After that little lot I was in Leicester Glenfield hospital for about three months and had first hand experience of modern nursing. Now as most of us know hospital life can be really boring and I became an interested observer of life on my ward. I realised very quickly that to receive the best treatment I had to play the game. My surgeon was fantastic! He has always been fantastic and to this day I think of him as more of a friend than a surgeon. Mr Adam Scott is a modern gentleman who possesses a wonderful bedside manner and cares for his patients in the time honoured tradition of the NHS. How he does it I will never know but after him there was a problem.

The young doctors generally did not have the same dedication or attention to detail. Let me give you an example. I was due a home visit which is so precious that you cannot imagine.

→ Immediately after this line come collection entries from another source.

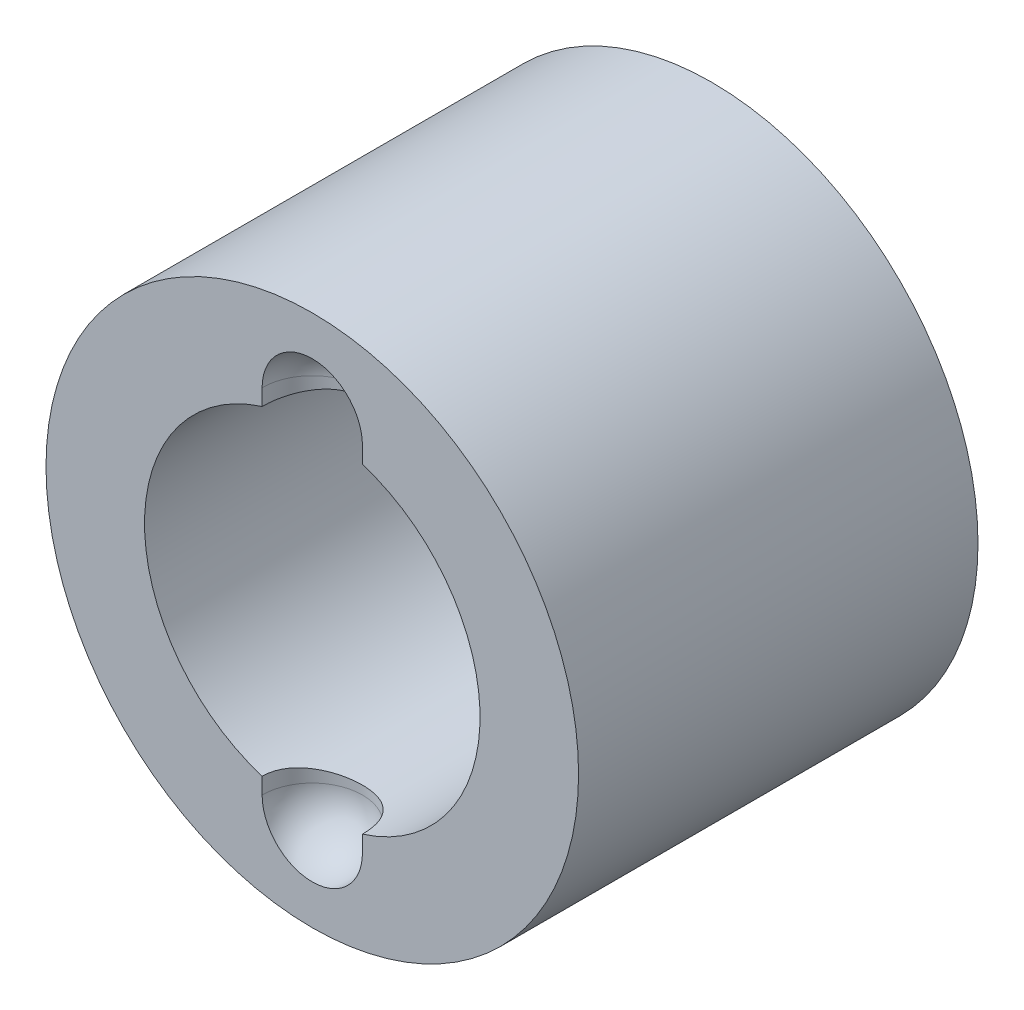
ISO-10303-21;
HEADER;
FILE_DESCRIPTION(('STEP AP214'),'2;1');
FILE_NAME('part.step','',(''),(''),'','','');
FILE_SCHEMA(('AUTOMOTIVE_DESIGN { 1 0 10303 214 1 1 1 1 }'));
ENDSEC;
DATA;
#1=APPLICATION_CONTEXT('core data for automotive mechanical design processes');
#2=APPLICATION_PROTOCOL_DEFINITION('international standard','automotive_design',2000,#1);
#3=PRODUCT_CONTEXT('',#1,'mechanical');
#4=PRODUCT('Part','Part','',(#3));
#5=PRODUCT_RELATED_PRODUCT_CATEGORY('part','',(#4));
#6=PRODUCT_DEFINITION_FORMATION('','',#4);
#7=PRODUCT_DEFINITION_CONTEXT('part definition',#1,'design');
#8=PRODUCT_DEFINITION('design','',#6,#7);
#9=PRODUCT_DEFINITION_SHAPE('','',#8);
#10=(LENGTH_UNIT() NAMED_UNIT(*) SI_UNIT(.MILLI.,.METRE.));
#11=(NAMED_UNIT(*) PLANE_ANGLE_UNIT() SI_UNIT($,.RADIAN.));
#12=(NAMED_UNIT(*) SI_UNIT($,.STERADIAN.) SOLID_ANGLE_UNIT());
#13=UNCERTAINTY_MEASURE_WITH_UNIT(LENGTH_MEASURE(1.E-05),#10,'distance_accuracy_value','');
#14=(GEOMETRIC_REPRESENTATION_CONTEXT(3) GLOBAL_UNCERTAINTY_ASSIGNED_CONTEXT((#13)) GLOBAL_UNIT_ASSIGNED_CONTEXT((#10,
#11,#12)) REPRESENTATION_CONTEXT('',''));
#15=CARTESIAN_POINT('',(0.,0.,0.));
#16=DIRECTION('',(0.,0.,1.));
#17=DIRECTION('',(1.,0.,0.));
#18=AXIS2_PLACEMENT_3D('',#15,#16,#17);
#19=CARTESIAN_POINT('',(0.,0.,19.05));
#20=DIRECTION('',(0.,0.,1.));
#21=DIRECTION('',(1.,0.,0.));
#22=AXIS2_PLACEMENT_3D('',#19,#20,#21);
#23=PLANE('',#22);
#24=CARTESIAN_POINT('',(0.,0.,19.05));
#25=DIRECTION('',(0.,0.,1.));
#26=DIRECTION('',(1.,0.,0.));
#27=AXIS2_PLACEMENT_3D('',#24,#25,#26);
#28=CIRCLE('',#27,12.7);
#29=CARTESIAN_POINT('',(-12.7,0.,19.05));
#30=VERTEX_POINT('',#29);
#31=EDGE_CURVE('E117',#30,#30,#28,.T.);
#32=ORIENTED_EDGE('',*,*,#31,.T.);
#33=EDGE_LOOP('',(#32));
#34=FACE_BOUND('',#33,.T.);
#35=CARTESIAN_POINT('',(0.,0.,19.05));
#36=DIRECTION('',(0.,0.,1.));
#37=DIRECTION('',(1.,0.,0.));
#38=AXIS2_PLACEMENT_3D('',#35,#36,#37);
#39=CIRCLE('',#38,8.001);
#40=CARTESIAN_POINT('',(-2.39273154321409,7.63484359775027,19.05));
#41=VERTEX_POINT('',#40);
#42=CARTESIAN_POINT('',(-2.39273154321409,-7.63484359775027,19.0500000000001));
#43=VERTEX_POINT('',#42);
#44=EDGE_CURVE('E113',#41,#43,#39,.T.);
#45=ORIENTED_EDGE('',*,*,#44,.F.);
#46=DIRECTION('',(0.,-1.,0.));
#47=VECTOR('',#46,1.);
#48=CARTESIAN_POINT('',(-2.39273154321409,8.41205481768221,19.0500000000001));
#49=LINE('',#48,#47);
#50=CARTESIAN_POINT('',(-2.39273154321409,8.41205481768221,19.0500000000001));
#51=VERTEX_POINT('',#50);
#52=EDGE_CURVE('E57',#51,#41,#49,.T.);
#53=ORIENTED_EDGE('',*,*,#52,.F.);
#54=CARTESIAN_POINT('',(0.000592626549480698,8.41205481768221,19.05));
#55=DIRECTION('',(0.,0.,1.));
#56=DIRECTION('',(1.,0.,0.));
#57=AXIS2_PLACEMENT_3D('',#54,#55,#56);
#58=CIRCLE('',#57,2.39332416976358);
#59=CARTESIAN_POINT('',(0.,10.8053789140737,19.05));
#60=VERTEX_POINT('',#59);
#61=EDGE_CURVE('E85',#60,#51,#58,.T.);
#62=ORIENTED_EDGE('',*,*,#61,.F.);
#63=CARTESIAN_POINT('',(-0.000592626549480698,8.41205481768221,19.05));
#64=DIRECTION('',(0.,0.,-1.));
#65=DIRECTION('',(-1.,0.,0.));
#66=AXIS2_PLACEMENT_3D('',#63,#64,#65);
#67=CIRCLE('',#66,2.39332416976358);
#68=CARTESIAN_POINT('',(2.39273154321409,8.41205481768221,19.05));
#69=VERTEX_POINT('',#68);
#70=EDGE_CURVE('E83',#60,#69,#67,.T.);
#71=ORIENTED_EDGE('',*,*,#70,.T.);
#72=DIRECTION('',(0.,-1.,0.));
#73=VECTOR('',#72,1.);
#74=CARTESIAN_POINT('',(2.39273154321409,8.41205481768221,19.05));
#75=LINE('',#74,#73);
#76=CARTESIAN_POINT('',(2.39273154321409,7.63484359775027,19.0499999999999));
#77=VERTEX_POINT('',#76);
#78=EDGE_CURVE('E90',#69,#77,#75,.T.);
#79=ORIENTED_EDGE('',*,*,#78,.T.);
#80=CARTESIAN_POINT('',(2.39273154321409,-7.63484359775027,19.05));
#81=VERTEX_POINT('',#80);
#82=EDGE_CURVE('E111',#81,#77,#39,.T.);
#83=ORIENTED_EDGE('',*,*,#82,.F.);
#84=CARTESIAN_POINT('',(2.39273154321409,-8.41205481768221,19.05));
#85=VERTEX_POINT('',#84);
#86=EDGE_CURVE('E49',#81,#85,#75,.T.);
#87=ORIENTED_EDGE('',*,*,#86,.T.);
#88=CARTESIAN_POINT('',(-0.000592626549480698,-8.41205481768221,19.05));
#89=DIRECTION('',(0.,0.,1.));
#90=DIRECTION('',(1.,0.,0.));
#91=AXIS2_PLACEMENT_3D('',#88,#89,#90);
#92=CIRCLE('',#91,2.39332416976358);
#93=CARTESIAN_POINT('',(0.,-10.8053789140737,19.05));
#94=VERTEX_POINT('',#93);
#95=EDGE_CURVE('E95',#94,#85,#92,.T.);
#96=ORIENTED_EDGE('',*,*,#95,.F.);
#97=CARTESIAN_POINT('',(0.000592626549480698,-8.41205481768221,19.05));
#98=DIRECTION('',(0.,0.,-1.));
#99=DIRECTION('',(-1.,0.,0.));
#100=AXIS2_PLACEMENT_3D('',#97,#98,#99);
#101=CIRCLE('',#100,2.39332416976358);
#102=CARTESIAN_POINT('',(-2.39273154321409,-8.41205481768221,19.0500000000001));
#103=VERTEX_POINT('',#102);
#104=EDGE_CURVE('E105',#94,#103,#101,.T.);
#105=ORIENTED_EDGE('',*,*,#104,.T.);
#106=EDGE_CURVE('E103',#43,#103,#49,.T.);
#107=ORIENTED_EDGE('',*,*,#106,.F.);
#108=EDGE_LOOP('',(#45,#53,#62,#71,#79,#83,#87,#96,#105,#107));
#109=FACE_BOUND('',#108,.T.);
#110=ADVANCED_FACE('F29',(#34,#109),#23,.T.);
#111=CARTESIAN_POINT('',(0.,0.,19.05));
#112=DIRECTION('',(0.,0.,-1.));
#113=DIRECTION('',(-1.,0.,0.));
#114=AXIS2_PLACEMENT_3D('',#111,#112,#113);
#115=CYLINDRICAL_SURFACE('',#114,8.001);
#116=CARTESIAN_POINT('',(0.,0.,0.));
#117=DIRECTION('',(0.,0.,1.));
#118=DIRECTION('',(1.,0.,0.));
#119=AXIS2_PLACEMENT_3D('',#116,#117,#118);
#120=CIRCLE('',#119,8.001);
#121=CARTESIAN_POINT('',(8.001,0.,0.));
#122=VERTEX_POINT('',#121);
#123=EDGE_CURVE('E86',#122,#122,#120,.T.);
#124=ORIENTED_EDGE('',*,*,#123,.F.);
#125=EDGE_LOOP('',(#124));
#126=FACE_BOUND('',#125,.T.);
#127=ORIENTED_EDGE('',*,*,#82,.T.);
#128=CARTESIAN_POINT('',(2.39273154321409,7.63484359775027,19.05));
#129=CARTESIAN_POINT('',(2.39273973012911,7.6348344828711,18.9843206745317));
#130=CARTESIAN_POINT('',(2.3900273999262,7.63569090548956,18.9186465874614));
#131=CARTESIAN_POINT('',(2.37922539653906,7.63906708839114,18.7877994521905));
#132=CARTESIAN_POINT('',(2.37113692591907,7.6415864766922,18.7226262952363));
#133=CARTESIAN_POINT('',(2.3496733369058,7.64821255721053,18.593404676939));
#134=CARTESIAN_POINT('',(2.33631158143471,7.65231523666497,18.5293537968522));
#135=CARTESIAN_POINT('',(2.30443249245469,7.66197542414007,18.4026772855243));
#136=CARTESIAN_POINT('',(2.28591502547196,7.66753296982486,18.3400516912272));
#137=CARTESIAN_POINT('',(2.22285582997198,7.68614716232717,18.1550052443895));
#138=CARTESIAN_POINT('',(2.17077984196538,7.70115438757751,18.0352511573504));
#139=CARTESIAN_POINT('',(2.04816829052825,7.73466371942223,17.8061799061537));
#140=CARTESIAN_POINT('',(1.97762421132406,7.75316743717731,17.6968675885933));
#141=CARTESIAN_POINT('',(1.81770565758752,7.79223315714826,17.4883183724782));
#142=CARTESIAN_POINT('',(1.72785466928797,7.81283859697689,17.3894542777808));
#143=CARTESIAN_POINT('',(1.53289349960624,7.8534157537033,17.2079497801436));
#144=CARTESIAN_POINT('',(1.42778074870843,7.87338736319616,17.1253121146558));
#145=CARTESIAN_POINT('',(1.20261061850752,7.91094188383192,16.976975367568));
#146=CARTESIAN_POINT('',(1.08229064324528,7.92846731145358,16.9116590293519));
#147=CARTESIAN_POINT('',(0.8317667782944,7.95864659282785,16.8023358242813));
#148=CARTESIAN_POINT('',(0.701565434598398,7.97130169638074,16.7583234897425));
#149=CARTESIAN_POINT('',(0.438898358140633,7.99000655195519,16.6940949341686));
#150=CARTESIAN_POINT('',(0.306602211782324,7.99623384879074,16.6732378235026));
#151=CARTESIAN_POINT('',(0.0402488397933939,8.00200662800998,16.6538855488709));
#152=CARTESIAN_POINT('',(-0.0938080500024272,8.00155336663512,16.6553861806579));
#153=CARTESIAN_POINT('',(-0.355377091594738,7.99414146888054,16.6802768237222));
#154=CARTESIAN_POINT('',(-0.482962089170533,7.98738920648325,16.7029724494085));
#155=CARTESIAN_POINT('',(-0.73242044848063,7.96838872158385,16.7684746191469));
#156=CARTESIAN_POINT('',(-0.85429351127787,7.95614021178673,16.8112822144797));
#157=CARTESIAN_POINT('',(-1.09052538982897,7.92723744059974,16.9162655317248));
#158=CARTESIAN_POINT('',(-1.20478050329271,7.91053366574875,16.978660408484));
#159=CARTESIAN_POINT('',(-1.4214197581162,7.8744932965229,17.1208734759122));
#160=CARTESIAN_POINT('',(-1.52380124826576,7.85515611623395,17.2006955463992));
#161=CARTESIAN_POINT('',(-1.7179231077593,7.81504623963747,17.3790907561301));
#162=CARTESIAN_POINT('',(-1.80910716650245,7.7942469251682,17.478263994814));
#163=CARTESIAN_POINT('',(-1.97372470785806,7.75419952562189,17.690722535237));
#164=CARTESIAN_POINT('',(-2.04715302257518,7.73495189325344,17.8040119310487));
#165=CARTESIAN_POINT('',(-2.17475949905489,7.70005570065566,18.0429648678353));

Every day the nurses had to record my 'functions' and at that time I was still emiting puss from my stomach wound (Sorry!. Some silly moo entered the amount of urine that I was passing in the puss column and the young doctor stopped my home visit on that pretext! He seemed amazed that I was so incensed!! If that amount of puss was coming out of my stomach then surely I was dead meat!! Not in his world he believed the entry and did not query it.

But back to the nurses who generally were more interested in their social life than the problems faced by the patients. Most nurses today routinely ignore the patient until they have to follow ward routine. They will come round with the pills or smile sweetly as they follow the surgeon around but for the rest of it one has to demand or learn how to extract attention. I was lucky because I am a bit bright and I soon learned the game but for those who cannot attract attention it must be horrendous.

On the evening that my appendix burst there were three nurses attending fifty men on male surgery. Twice I was ignored but on the third pass I leant from my bed and grabbed the wrist of the passing nurse because I knew that I was dying!! I don't know what happned next but I am alive today so I made an impression.

They are not all like that. Some of them do care what happens to their patients but I am afraid to say that they are few and far between. They are generally older and therefore more compassionate. In the nursing schools today nursing is not taught. Targets have to be met and that is the legacy of NoLab. Most recent patients will probably recognise that after surgery the nurses crowd around the reception desk with their mates and rarely enquire after the health of their patients. In one occasion after a day care operation a lady who was struggling to recover had to complain to the Staff Nurse that the staff were making so much noise that they were hindering her recovery. He apologised to the offending culprits before asking them to keep the noise down! The reduced volume lasted little more than five minutes!!

The nursing industry has to reintroduce discipline on the wards before we will ever combat disease and neglect. We must somehow reinvent nursing standards of the fifties but that means standing the world on its head. Will anyone have the guts to confront the problem? Once again I doubt it but then more old people will die and guess what? We will all get old one day.